Телефонисты догнали меня в лесу и уже не отставали ни на шаг. В такой короткий срок смотать всю линию связи было делом нелегким. Спотыкаясь, почти падая, шли за мной солдаты, а катушка с кабелем скрипела и грохала.
Вот и позиции. Орудия, вытащенные из окопов, уже были прицеплены к автомобилям. Оставались считанные минуты. Подошел командир батареи.
— Извини, — сказал он, — но я не могу командовать. Все еще плохо чувствую себя. Заменишь меня.
— Хорошо, — буркнул я. — Я только в штаб и мигом назад.
Когда возвратился, наша батарея уже стояла на шоссе. За ней 8-я батарея, затем 9-я.
Через минуту раздалась команда: «Командиры батарей… в голову колонны». Бросив шинель Сашке, я пошел вперед.
Прозвучал приказ трогаться. И вот на дороге большой указатель с надписью: «Берлин», а внизу: «Центр города — 7 км».
Мы на минуту остановились. Трудно было представить, что мы уже в районе Берлина. С юга доносился протяжный гул артиллерии. В нем трудно было выделить одиночные выстрелы или взрывы. Солдаты взволнованы — ведь мы едем в самый центр этого ада.

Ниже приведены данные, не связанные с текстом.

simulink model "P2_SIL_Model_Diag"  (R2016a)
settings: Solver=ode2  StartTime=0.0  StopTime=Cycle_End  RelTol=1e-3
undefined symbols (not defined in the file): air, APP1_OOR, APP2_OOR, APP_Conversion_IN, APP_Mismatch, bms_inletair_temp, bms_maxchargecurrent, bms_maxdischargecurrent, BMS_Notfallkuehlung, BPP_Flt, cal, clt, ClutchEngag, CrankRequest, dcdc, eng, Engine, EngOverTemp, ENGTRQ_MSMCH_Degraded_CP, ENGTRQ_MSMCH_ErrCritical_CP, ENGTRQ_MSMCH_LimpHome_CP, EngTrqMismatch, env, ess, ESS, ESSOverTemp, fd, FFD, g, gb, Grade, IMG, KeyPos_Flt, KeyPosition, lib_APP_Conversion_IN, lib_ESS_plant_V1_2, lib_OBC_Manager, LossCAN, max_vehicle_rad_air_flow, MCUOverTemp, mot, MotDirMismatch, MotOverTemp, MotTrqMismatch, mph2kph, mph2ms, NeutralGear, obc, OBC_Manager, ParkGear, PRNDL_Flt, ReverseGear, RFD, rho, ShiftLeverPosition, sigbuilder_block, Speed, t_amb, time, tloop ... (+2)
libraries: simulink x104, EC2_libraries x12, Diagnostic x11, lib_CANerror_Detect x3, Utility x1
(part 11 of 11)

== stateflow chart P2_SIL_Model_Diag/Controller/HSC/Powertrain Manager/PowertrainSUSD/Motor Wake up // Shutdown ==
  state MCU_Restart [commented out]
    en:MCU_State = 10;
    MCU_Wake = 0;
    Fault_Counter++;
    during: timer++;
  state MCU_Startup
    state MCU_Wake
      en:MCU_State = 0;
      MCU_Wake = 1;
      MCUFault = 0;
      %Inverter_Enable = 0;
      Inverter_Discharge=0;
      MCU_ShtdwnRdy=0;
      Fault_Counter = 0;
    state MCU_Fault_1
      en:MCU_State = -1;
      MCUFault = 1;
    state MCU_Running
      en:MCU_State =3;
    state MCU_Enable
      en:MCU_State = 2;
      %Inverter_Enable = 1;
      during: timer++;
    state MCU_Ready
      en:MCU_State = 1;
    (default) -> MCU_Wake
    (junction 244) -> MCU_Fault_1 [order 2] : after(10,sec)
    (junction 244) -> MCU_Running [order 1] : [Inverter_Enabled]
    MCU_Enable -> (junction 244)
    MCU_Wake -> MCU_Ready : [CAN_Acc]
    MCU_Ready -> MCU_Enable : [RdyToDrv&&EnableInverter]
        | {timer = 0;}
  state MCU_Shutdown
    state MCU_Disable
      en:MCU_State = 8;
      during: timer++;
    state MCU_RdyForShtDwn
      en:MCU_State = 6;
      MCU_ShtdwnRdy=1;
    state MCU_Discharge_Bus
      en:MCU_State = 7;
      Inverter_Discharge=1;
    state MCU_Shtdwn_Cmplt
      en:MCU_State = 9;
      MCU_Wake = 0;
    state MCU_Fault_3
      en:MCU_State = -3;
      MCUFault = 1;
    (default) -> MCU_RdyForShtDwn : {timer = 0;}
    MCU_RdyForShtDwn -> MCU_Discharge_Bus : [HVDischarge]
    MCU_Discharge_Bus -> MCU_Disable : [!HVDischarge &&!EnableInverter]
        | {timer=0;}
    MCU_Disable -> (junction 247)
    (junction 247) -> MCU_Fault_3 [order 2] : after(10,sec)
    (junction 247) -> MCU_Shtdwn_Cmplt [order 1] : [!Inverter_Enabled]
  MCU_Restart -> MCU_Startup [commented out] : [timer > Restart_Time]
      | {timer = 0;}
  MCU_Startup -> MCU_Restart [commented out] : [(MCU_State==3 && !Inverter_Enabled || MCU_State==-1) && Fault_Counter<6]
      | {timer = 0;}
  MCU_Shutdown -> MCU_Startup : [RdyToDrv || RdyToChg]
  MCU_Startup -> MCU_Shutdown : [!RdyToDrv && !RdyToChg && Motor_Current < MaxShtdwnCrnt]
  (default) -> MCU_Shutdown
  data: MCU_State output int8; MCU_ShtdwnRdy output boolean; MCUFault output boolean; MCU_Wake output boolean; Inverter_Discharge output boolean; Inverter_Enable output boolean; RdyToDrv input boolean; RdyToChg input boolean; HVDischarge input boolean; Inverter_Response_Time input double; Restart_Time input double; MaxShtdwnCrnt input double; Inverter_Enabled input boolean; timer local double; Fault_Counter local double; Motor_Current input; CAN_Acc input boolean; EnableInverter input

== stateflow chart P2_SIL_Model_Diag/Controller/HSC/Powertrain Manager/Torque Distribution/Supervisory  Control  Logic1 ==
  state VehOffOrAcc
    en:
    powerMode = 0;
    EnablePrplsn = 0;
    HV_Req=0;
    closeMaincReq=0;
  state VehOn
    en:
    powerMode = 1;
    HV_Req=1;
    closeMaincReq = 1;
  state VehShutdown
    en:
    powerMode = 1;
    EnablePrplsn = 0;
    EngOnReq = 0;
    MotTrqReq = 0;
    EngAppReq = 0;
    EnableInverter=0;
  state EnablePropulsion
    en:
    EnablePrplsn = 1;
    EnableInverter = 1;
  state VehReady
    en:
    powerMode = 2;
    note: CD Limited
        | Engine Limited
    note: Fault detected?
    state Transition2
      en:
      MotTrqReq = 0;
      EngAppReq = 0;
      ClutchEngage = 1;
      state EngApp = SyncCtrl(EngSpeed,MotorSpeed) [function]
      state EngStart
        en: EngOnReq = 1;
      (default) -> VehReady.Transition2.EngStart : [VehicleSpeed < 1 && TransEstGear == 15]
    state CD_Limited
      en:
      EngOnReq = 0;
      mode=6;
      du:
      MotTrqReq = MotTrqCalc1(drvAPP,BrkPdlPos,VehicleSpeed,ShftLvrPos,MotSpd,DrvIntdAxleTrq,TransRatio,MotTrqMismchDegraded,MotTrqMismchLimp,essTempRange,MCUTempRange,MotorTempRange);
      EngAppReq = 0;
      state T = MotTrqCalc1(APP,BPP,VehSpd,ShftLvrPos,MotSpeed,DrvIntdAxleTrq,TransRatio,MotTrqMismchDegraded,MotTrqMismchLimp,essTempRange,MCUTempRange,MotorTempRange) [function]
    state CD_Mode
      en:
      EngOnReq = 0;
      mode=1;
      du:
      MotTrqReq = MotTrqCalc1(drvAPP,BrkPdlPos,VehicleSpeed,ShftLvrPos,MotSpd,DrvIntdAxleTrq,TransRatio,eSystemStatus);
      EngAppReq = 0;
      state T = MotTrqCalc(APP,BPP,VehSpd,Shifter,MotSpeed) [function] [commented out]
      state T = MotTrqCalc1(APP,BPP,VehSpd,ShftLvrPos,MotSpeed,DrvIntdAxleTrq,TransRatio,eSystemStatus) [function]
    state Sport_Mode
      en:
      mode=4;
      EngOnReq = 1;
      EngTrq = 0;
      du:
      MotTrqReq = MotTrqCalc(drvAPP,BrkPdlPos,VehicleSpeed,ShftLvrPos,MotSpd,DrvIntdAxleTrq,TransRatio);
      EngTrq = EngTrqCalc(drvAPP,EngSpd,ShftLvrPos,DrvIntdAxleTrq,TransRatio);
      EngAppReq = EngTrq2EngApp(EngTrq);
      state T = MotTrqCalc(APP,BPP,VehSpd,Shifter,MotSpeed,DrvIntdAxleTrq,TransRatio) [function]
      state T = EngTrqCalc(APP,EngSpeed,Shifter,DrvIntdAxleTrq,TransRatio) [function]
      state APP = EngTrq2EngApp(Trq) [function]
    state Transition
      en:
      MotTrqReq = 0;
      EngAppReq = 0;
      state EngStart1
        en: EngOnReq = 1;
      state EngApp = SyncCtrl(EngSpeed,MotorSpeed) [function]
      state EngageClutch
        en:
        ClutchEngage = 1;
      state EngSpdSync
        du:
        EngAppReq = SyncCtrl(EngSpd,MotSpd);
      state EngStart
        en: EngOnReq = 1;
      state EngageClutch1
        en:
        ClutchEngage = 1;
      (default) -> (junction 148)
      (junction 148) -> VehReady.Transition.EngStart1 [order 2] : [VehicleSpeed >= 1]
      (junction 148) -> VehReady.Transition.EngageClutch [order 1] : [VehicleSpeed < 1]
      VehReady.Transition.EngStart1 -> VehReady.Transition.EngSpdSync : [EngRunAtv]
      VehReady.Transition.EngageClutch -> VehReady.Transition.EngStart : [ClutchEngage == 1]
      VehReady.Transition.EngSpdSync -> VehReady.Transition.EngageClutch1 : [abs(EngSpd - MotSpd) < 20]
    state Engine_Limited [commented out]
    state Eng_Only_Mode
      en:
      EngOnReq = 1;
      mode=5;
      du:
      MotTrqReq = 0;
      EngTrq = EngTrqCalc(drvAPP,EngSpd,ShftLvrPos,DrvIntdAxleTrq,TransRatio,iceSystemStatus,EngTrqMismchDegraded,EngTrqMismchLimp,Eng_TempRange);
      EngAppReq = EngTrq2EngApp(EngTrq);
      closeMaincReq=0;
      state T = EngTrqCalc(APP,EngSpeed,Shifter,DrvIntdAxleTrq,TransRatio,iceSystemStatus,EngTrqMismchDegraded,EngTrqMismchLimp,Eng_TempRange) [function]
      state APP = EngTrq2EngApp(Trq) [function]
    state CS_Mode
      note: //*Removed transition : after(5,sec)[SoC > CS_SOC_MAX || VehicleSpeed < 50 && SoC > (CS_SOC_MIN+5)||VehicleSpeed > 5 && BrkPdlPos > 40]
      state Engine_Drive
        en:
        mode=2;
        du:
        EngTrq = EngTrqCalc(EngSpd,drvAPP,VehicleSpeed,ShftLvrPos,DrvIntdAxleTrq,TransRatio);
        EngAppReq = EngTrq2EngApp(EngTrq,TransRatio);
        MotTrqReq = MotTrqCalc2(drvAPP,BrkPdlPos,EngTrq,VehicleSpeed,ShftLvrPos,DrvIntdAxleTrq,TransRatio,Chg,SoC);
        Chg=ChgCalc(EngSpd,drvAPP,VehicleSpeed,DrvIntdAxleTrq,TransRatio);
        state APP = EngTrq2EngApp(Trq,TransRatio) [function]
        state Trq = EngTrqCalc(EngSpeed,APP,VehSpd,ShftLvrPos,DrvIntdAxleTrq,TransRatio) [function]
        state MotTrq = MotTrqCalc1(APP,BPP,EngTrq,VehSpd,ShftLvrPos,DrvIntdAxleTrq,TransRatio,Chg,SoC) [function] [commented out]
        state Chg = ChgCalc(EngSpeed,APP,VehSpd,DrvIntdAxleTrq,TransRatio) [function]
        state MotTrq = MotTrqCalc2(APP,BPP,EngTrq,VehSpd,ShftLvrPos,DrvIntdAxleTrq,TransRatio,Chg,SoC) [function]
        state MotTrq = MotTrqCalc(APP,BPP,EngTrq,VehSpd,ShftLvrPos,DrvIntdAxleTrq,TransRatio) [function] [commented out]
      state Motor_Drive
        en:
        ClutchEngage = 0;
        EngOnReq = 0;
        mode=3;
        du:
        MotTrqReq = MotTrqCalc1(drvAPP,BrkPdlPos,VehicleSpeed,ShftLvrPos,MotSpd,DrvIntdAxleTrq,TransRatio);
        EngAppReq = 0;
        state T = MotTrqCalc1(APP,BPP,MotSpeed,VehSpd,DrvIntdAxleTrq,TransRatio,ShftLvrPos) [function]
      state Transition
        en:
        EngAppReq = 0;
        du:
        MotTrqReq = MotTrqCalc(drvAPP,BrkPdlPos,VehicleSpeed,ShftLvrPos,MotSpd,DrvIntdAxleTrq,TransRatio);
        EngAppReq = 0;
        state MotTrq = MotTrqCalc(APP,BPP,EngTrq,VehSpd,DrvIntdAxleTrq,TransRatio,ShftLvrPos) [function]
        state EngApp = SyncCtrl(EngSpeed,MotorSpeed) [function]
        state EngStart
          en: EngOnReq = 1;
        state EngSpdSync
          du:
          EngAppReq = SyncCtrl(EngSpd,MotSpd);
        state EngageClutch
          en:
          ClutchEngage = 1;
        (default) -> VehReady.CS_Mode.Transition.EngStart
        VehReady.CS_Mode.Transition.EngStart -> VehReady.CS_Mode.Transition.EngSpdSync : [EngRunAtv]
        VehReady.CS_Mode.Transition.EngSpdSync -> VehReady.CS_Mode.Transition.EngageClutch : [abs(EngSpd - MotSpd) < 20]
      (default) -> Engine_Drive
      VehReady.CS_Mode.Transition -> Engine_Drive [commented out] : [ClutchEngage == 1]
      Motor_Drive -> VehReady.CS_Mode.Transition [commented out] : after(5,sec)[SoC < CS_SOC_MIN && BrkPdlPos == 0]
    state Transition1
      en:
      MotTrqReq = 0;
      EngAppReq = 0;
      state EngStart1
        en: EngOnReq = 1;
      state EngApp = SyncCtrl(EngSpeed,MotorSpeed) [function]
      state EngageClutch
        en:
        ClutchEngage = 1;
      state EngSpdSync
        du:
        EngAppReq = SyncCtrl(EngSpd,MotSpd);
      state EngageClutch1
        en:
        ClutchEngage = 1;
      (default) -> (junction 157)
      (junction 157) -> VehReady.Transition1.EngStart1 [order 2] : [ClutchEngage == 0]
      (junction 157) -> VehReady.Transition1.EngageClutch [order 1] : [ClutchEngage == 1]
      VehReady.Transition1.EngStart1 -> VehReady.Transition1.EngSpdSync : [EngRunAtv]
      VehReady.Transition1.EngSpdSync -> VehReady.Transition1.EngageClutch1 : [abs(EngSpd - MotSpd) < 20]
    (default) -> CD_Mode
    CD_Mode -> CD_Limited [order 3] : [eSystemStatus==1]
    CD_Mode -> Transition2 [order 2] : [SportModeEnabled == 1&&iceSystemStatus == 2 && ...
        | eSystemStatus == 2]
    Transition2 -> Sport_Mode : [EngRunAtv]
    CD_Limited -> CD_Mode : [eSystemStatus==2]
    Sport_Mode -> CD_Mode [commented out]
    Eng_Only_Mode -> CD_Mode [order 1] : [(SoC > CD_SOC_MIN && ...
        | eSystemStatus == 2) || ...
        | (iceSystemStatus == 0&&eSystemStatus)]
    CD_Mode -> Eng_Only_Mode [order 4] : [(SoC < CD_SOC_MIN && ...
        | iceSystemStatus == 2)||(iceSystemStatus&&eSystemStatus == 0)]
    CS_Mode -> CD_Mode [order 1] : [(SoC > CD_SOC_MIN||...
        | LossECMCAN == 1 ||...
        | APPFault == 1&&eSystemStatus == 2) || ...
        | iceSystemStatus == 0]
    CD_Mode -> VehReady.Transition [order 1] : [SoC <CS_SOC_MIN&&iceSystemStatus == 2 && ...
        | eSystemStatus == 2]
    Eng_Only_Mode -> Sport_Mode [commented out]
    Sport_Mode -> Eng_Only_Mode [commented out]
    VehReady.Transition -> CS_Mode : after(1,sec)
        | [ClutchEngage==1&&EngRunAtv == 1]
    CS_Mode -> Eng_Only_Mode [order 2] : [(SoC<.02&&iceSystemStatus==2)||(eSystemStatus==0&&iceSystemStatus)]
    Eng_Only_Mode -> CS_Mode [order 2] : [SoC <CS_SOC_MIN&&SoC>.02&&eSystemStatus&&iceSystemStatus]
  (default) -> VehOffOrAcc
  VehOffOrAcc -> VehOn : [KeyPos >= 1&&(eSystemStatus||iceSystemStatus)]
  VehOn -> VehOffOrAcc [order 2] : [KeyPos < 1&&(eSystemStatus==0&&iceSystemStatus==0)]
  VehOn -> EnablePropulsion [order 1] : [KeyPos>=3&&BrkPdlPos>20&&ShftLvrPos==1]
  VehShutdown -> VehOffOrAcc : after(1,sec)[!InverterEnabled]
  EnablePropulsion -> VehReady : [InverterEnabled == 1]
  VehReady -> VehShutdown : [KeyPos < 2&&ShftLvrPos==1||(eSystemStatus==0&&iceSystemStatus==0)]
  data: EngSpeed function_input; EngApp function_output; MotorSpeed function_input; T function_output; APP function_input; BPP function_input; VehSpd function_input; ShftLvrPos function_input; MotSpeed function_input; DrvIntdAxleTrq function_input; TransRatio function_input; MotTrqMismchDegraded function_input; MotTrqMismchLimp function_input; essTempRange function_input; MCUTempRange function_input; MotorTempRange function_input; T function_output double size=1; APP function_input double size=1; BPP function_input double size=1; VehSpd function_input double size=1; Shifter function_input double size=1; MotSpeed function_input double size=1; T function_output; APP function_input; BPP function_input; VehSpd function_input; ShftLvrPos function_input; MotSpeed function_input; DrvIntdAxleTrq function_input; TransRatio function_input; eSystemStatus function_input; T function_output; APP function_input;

Предместья Берлина не разрушены. Из зелени во многих местах выглядывают округлые купола из железобетона. На перекрестках улиц стоят своеобразные доты с амбразурами. Видимо, никто не пользовался ими. Стоят одиноко и смешно, как ненужная декорация.
Нас минует колонна «катюш». На их рельсах сверкают снаряды. Колонна идет полным ходом. У первой машины включена сирена. Она воет и требует уступить дорогу. Мы сворачиваем вправо. Неподалеку от нас виднеются виллы. Нигде ни души. Куда все подевались? Спрятались в подвалах или удрали на запад? Гитлер запретил убегать. Приказал брать оружие в руки и бороться до конца. Детей не видно — их тоже забрали в армию. Дали панцерфаусты и приказали стрелять в русские танки.
Проезжаем парк, потом фабричные постройки большого предприятия, въезжаем в самую гущу домов и улочек.
Наконец железнодорожные пути, и вот уже знакомые фигуры польских солдат. У деревянного моста стоит поручник с красным флажком. Оказывается, это наш 6-й понтонный батальон, который в Берлине уже с 27 апреля.
Бои идут в центре города. Я знаю, что тем, кто их ведет, трудно. Берлин — большой город, по карте трудно ориентироваться. Нужен план города, а еще лучше план каждого района. Несмотря на кажущуюся тишину и спокойствие, волнуюсь. Не могу больше сидеть в кабине рядом с водителем и становлюсь на ступеньку. Смотрю на солдат. Они тоже не могут сидеть спокойно, держат автоматы в руках и готовы в любую минуту стрелять.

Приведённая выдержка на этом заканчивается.